Following the selection of a house for data collection, each home is separated into various scenes, and the actions below are carried out. The first step is to capture exact XYZRGB point clouds of the area using a Faro Focus S70 stationary laser scanner mounted on a tripod. To achieve adequate coverage, tripod positions are chosen to optimize surface coverage. On average, four laser scans are recorded per room. Second, using the iPad Pro, up to three video sequences are shot in an attempt to capture all surfaces in each room.
The team tries to keep the environment entirely static during the data collection process, ensuring that no items move or change their appearance. However, because data gathering for a venue takes an average of six hours and many venues are lit by sunlight, the lighting situation can change during that period, potentially resulting in inconsistencies in illumination between sequences and scans.
All XYZRGB point clouds are spatially registered from the stationary laser scanner into a standard coordinate system in a one-time offline step using the proprietary software Faro Scene, which for most scenes fully automatically estimates a 6DoF rigid body transformation for each scan, transforming it into a typical venue coordinate system. Multiple unique scenes can be created in a single location (typically a house or apartment).
The method for calculating the ground truth 6DoF posture of the iPad Pro’s RGB cameras concerning the venue coordinate system necessitates the creation of synthetic views from our laser scan of the venue. The rendering of these XYZRGB point clouds from unusual perspectives presents a distinct set of challenges. Far geometry must be correctly occluded by close geometry, and a geometry that cannot be assured to have a direct line-of-sight from the novel viewpoint must be rejected.
The team manually annotates 3D-oriented bounding boundaries for 17 categories of room-defining furniture using a unique tool. The annotation occurs during the ARKit scene reconstruction, which results in a colored scene mesh. Our labeling technology also allows annotators to witness real-time projections of 3D bounding boxes onto video frames, allowing for more accurate annotation.
The ARKitScenes venues are separated into three groups: 80 percent for training, 10% for validation, and 10% for a held-out test set that will not be disclosed. The 5,048 sequences that are released are part of the training and validation set. Because the split is decided per venue, all-laser scans and iPad sequences from that venue are grouped together.
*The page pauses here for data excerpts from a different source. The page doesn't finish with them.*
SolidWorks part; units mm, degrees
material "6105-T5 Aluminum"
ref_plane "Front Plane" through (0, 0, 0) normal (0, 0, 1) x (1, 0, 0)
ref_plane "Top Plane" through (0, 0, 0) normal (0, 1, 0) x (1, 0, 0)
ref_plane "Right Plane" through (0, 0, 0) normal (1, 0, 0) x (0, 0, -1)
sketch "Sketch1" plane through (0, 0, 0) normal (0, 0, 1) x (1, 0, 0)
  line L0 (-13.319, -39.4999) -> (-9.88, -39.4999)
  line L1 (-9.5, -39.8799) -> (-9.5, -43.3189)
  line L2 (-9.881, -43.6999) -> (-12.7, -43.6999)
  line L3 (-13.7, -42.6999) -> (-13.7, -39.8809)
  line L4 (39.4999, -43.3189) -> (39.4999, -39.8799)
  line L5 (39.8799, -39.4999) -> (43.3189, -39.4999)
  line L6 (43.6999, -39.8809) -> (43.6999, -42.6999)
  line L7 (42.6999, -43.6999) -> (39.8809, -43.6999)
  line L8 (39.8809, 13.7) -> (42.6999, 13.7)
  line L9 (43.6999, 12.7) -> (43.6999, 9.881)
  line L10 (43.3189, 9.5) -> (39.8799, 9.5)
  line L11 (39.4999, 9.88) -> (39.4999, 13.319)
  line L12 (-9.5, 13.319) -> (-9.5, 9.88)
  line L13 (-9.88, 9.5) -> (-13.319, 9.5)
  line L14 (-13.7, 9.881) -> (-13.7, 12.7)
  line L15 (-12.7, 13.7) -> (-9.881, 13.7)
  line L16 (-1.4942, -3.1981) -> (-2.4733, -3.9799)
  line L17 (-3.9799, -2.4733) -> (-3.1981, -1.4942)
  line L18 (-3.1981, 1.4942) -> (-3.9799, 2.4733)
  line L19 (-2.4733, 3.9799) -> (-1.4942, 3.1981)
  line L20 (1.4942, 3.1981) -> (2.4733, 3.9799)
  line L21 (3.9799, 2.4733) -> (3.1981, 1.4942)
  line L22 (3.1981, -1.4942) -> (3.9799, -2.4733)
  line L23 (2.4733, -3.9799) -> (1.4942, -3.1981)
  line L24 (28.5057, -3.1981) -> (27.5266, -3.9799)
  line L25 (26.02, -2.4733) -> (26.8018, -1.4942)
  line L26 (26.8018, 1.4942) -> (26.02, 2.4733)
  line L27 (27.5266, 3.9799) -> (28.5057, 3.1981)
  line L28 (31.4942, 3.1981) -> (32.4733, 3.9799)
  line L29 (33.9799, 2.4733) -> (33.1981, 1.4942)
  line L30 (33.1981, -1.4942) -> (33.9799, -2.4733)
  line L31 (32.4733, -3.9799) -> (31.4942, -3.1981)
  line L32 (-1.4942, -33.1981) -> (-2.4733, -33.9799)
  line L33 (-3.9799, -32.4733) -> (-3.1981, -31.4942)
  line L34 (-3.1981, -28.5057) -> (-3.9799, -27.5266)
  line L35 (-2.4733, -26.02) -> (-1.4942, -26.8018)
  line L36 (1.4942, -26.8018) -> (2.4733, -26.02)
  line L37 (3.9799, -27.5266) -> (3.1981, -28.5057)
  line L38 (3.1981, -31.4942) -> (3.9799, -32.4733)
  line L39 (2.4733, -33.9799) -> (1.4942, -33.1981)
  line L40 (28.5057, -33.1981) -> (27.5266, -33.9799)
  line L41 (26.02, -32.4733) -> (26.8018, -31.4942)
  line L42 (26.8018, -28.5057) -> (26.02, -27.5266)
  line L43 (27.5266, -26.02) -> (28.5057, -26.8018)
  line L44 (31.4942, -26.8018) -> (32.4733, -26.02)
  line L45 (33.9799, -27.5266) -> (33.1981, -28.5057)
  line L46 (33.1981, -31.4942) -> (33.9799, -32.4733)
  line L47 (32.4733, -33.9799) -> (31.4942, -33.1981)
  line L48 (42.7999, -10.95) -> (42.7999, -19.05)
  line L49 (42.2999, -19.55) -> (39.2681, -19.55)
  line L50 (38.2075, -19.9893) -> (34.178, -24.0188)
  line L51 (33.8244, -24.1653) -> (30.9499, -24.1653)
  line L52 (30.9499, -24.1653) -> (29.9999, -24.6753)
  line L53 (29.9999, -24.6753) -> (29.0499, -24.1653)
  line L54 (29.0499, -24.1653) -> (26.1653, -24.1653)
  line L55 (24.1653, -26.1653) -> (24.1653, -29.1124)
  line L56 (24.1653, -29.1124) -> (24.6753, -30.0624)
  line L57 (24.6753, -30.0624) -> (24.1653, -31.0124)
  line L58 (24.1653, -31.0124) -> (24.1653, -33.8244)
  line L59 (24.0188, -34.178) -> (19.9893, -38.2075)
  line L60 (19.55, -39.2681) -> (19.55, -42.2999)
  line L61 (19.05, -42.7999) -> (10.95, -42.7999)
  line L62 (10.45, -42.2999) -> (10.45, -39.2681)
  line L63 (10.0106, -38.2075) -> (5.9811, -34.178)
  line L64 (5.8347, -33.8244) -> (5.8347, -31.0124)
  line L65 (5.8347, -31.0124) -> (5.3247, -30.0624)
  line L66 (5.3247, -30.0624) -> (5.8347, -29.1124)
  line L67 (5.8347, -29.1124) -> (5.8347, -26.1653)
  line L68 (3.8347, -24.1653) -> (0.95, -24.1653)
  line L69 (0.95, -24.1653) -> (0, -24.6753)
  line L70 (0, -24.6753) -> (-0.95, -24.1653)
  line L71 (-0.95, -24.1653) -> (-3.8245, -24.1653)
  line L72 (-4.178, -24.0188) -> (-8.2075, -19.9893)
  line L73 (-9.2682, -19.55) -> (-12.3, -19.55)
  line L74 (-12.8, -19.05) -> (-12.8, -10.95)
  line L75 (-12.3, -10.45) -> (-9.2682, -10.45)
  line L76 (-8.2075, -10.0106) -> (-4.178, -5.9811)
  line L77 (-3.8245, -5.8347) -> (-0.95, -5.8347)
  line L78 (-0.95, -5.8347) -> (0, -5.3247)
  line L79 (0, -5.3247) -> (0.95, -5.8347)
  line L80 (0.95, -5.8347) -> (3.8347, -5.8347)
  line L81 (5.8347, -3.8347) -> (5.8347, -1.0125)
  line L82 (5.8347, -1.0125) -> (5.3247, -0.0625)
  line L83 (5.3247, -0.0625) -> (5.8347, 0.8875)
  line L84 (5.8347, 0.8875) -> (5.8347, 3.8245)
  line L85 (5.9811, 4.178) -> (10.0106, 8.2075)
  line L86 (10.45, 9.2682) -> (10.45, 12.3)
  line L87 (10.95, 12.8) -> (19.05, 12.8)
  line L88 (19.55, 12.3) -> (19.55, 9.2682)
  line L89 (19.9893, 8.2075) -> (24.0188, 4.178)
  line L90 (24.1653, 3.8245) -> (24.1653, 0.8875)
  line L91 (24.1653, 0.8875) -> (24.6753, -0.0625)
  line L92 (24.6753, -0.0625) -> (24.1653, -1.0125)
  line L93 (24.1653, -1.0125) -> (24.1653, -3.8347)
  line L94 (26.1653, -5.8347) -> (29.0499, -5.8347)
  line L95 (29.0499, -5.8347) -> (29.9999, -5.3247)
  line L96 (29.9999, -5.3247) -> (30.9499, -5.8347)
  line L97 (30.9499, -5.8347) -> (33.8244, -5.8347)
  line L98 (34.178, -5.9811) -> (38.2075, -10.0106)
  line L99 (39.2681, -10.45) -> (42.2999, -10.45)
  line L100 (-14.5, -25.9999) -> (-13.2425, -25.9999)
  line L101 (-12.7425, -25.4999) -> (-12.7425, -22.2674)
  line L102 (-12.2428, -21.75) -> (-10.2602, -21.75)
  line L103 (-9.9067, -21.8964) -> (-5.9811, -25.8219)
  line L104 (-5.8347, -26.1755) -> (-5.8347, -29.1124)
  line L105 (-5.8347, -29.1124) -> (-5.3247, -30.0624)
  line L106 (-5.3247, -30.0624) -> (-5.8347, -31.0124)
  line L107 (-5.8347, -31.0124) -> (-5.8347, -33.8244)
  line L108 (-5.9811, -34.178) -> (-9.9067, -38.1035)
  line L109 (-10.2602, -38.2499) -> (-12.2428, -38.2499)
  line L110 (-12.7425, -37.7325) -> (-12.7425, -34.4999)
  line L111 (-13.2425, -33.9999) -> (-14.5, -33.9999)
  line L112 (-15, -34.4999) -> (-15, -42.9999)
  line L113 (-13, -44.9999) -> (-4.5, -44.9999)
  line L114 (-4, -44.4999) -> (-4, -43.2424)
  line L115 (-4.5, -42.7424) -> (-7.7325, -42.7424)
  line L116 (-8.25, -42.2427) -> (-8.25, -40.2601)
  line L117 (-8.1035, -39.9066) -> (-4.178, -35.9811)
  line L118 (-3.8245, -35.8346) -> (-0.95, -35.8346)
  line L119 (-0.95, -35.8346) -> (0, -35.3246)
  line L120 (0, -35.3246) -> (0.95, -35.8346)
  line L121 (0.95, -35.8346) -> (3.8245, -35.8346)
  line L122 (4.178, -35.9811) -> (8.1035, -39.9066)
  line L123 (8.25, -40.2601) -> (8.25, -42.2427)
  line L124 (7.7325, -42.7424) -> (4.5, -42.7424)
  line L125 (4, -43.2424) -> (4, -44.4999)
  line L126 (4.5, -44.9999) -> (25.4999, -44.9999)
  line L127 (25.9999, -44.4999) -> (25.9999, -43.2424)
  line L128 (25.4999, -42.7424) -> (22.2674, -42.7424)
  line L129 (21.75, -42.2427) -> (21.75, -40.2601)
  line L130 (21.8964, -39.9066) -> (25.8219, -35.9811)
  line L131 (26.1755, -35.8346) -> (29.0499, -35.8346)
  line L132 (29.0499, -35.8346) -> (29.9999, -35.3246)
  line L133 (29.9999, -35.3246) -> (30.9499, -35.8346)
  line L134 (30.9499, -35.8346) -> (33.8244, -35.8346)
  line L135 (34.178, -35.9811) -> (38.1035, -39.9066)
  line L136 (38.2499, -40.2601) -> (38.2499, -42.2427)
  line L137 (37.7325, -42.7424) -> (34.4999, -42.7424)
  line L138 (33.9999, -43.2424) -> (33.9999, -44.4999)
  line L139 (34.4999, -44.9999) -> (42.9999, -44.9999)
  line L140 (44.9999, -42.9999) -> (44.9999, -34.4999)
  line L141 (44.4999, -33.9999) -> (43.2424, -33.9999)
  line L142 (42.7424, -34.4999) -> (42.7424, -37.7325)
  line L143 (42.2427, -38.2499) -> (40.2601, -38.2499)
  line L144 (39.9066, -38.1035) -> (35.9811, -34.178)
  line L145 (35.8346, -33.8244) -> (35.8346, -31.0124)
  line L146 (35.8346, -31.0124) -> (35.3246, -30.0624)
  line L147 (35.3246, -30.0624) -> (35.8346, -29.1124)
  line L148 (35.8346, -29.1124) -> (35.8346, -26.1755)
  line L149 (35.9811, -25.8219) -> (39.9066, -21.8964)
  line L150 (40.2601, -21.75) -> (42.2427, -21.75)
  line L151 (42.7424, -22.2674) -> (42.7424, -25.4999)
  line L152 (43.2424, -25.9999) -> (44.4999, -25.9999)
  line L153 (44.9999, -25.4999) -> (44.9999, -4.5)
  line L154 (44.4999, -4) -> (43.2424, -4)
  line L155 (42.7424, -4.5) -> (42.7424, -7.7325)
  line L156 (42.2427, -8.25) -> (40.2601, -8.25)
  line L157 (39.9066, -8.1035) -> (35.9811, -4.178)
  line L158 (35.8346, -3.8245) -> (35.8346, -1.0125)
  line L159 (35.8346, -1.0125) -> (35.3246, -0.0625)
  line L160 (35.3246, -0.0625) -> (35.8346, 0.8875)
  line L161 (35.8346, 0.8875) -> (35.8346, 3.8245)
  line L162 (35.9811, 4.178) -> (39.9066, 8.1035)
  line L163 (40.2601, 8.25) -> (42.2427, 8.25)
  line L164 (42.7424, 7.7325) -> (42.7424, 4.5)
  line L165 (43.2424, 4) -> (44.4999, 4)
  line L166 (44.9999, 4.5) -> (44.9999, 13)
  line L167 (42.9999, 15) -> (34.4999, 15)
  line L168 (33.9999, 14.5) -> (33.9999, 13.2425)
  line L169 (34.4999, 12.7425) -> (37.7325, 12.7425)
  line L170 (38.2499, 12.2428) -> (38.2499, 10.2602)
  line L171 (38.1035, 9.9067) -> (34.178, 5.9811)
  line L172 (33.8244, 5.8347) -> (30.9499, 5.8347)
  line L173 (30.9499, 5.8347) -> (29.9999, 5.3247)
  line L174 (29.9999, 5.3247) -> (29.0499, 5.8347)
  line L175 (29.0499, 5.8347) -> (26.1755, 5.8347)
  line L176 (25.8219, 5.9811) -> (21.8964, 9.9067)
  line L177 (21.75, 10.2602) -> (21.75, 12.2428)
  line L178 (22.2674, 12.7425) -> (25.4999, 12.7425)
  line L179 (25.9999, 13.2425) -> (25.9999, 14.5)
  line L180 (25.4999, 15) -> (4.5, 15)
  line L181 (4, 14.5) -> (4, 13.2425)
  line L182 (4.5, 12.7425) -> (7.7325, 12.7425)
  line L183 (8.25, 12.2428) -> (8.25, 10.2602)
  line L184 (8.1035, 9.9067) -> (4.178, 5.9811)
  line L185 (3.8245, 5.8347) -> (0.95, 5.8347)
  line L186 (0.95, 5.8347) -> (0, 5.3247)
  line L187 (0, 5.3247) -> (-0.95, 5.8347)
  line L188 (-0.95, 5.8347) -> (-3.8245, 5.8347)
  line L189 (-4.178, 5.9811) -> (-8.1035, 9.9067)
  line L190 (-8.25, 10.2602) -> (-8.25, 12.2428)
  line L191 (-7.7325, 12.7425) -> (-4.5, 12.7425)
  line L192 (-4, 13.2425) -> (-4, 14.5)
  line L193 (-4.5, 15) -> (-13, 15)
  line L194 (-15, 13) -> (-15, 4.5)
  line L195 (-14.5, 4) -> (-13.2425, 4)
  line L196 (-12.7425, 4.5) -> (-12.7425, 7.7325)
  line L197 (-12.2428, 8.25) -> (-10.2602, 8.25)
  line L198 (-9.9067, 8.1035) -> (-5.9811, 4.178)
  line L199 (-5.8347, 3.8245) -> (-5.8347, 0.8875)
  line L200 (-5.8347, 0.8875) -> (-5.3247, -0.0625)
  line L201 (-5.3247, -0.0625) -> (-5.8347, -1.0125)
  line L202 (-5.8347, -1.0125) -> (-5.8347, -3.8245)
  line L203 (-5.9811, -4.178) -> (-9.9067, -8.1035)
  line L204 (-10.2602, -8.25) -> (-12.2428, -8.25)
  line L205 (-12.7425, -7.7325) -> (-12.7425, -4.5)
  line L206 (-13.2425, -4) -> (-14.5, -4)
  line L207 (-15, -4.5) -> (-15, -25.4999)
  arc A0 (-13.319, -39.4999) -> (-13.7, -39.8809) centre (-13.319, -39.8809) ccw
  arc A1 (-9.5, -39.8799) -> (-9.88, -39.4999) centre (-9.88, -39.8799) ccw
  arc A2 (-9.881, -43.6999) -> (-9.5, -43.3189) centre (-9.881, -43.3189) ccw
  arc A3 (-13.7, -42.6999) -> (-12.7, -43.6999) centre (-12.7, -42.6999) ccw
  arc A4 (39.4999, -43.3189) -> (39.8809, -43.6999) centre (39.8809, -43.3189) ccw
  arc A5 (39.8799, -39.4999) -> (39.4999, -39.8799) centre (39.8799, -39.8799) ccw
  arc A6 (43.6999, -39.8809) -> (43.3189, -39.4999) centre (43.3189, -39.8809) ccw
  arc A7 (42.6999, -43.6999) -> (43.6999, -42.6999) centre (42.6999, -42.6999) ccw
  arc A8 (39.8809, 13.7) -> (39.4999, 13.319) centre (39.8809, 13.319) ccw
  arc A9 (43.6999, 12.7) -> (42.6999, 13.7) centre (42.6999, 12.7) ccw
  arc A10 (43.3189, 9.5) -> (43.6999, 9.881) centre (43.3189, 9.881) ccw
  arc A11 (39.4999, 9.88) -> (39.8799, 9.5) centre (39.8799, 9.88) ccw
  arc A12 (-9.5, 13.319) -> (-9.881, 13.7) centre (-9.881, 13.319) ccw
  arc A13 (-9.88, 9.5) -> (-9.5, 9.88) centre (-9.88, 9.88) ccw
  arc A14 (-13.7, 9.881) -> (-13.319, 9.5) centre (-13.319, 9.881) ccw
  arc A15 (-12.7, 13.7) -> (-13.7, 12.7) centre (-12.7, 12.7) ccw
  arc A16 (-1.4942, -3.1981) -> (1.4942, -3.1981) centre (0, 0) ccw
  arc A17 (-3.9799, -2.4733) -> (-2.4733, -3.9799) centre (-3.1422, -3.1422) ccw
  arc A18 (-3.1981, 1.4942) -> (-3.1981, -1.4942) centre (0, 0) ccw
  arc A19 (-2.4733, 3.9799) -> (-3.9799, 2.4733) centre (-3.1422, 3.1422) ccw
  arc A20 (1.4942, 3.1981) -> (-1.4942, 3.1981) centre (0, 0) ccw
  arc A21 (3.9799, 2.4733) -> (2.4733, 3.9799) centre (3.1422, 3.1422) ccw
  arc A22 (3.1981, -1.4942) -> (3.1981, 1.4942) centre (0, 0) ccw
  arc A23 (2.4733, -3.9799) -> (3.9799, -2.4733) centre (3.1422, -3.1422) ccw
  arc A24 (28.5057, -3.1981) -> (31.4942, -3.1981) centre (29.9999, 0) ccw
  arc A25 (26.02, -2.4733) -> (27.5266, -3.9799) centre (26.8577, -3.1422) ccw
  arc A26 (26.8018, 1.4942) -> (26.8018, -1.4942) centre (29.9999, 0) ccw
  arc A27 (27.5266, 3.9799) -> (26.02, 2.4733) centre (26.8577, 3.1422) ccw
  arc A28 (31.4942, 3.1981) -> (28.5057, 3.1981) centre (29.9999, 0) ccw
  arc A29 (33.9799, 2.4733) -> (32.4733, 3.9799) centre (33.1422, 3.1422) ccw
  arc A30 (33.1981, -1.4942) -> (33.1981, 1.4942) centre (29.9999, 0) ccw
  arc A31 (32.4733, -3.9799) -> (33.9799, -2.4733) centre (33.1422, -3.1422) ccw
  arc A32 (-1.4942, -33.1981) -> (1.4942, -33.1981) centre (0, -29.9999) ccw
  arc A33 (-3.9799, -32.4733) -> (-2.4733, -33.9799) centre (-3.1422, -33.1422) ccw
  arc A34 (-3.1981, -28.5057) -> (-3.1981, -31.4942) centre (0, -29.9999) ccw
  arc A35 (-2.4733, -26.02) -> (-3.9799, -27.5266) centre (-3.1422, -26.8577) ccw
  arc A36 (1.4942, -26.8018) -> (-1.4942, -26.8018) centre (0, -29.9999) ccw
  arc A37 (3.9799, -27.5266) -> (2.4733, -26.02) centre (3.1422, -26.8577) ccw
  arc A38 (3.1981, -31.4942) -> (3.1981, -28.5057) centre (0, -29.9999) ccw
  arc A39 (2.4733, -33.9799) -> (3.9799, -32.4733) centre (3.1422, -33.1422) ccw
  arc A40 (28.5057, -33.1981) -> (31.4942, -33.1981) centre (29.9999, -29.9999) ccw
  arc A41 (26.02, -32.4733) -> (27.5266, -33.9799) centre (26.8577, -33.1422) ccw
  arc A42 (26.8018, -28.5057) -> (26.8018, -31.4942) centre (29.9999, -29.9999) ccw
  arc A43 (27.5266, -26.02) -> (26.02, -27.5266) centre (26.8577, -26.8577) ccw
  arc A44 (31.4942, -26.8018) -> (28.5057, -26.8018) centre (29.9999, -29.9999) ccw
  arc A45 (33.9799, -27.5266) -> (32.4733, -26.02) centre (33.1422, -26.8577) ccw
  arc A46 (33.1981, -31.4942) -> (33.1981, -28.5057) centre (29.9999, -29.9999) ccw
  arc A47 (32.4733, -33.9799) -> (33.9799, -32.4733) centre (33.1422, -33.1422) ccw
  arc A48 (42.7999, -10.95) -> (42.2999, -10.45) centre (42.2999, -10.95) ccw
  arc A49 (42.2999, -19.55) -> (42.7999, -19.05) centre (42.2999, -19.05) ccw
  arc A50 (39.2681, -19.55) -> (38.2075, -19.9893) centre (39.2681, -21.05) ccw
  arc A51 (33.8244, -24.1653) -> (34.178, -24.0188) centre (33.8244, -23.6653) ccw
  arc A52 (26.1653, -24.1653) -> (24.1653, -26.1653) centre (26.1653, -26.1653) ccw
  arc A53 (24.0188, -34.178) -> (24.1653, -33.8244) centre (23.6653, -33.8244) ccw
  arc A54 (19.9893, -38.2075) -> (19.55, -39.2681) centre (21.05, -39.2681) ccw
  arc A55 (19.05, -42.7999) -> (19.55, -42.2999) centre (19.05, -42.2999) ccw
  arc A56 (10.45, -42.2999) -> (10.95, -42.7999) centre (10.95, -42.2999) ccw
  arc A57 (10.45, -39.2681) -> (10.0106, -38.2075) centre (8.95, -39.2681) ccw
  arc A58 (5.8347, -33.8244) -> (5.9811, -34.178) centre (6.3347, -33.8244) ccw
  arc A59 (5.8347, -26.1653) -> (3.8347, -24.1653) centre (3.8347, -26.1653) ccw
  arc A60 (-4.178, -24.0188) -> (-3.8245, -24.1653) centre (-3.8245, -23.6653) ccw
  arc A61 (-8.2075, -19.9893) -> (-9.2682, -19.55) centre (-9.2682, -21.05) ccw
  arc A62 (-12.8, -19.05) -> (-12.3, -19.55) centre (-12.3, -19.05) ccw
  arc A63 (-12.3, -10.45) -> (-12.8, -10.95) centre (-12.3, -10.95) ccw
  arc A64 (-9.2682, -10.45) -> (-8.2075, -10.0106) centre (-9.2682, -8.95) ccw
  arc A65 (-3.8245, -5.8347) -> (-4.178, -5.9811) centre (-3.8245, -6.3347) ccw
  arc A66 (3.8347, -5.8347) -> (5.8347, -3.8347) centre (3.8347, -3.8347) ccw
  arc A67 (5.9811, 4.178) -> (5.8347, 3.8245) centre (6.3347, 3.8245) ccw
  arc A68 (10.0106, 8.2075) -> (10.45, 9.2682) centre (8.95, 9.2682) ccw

The researchers subsampled the dataset by collecting a single frame every two seconds with the goal of improving run-time while preserving significant variation between frames. As a result, they used 39k frames from the train split to train the models, and 5.6k frames from the validation split to evaluate them. The validation split was further filtered manually to include only frames free of depth aggressors that are difficult to identify automatically, such as specular or translucent objects. The train and the validation split were obtained from separate residences.
ARKitScenes is the largest indoor RGB-D dataset ever collected with a mobile device, as well as the first collection captured with Apple’s LiDAR scanner. The researchers demonstrated how the dataset might be utilized for 3D object detection and color-guided depth upsampling two downstream computer vision applications. The research community will be able to push the boundaries of the current state-of-the-art and build solutions that are more generalizable to real-world circumstances thanks to ARKitScenes.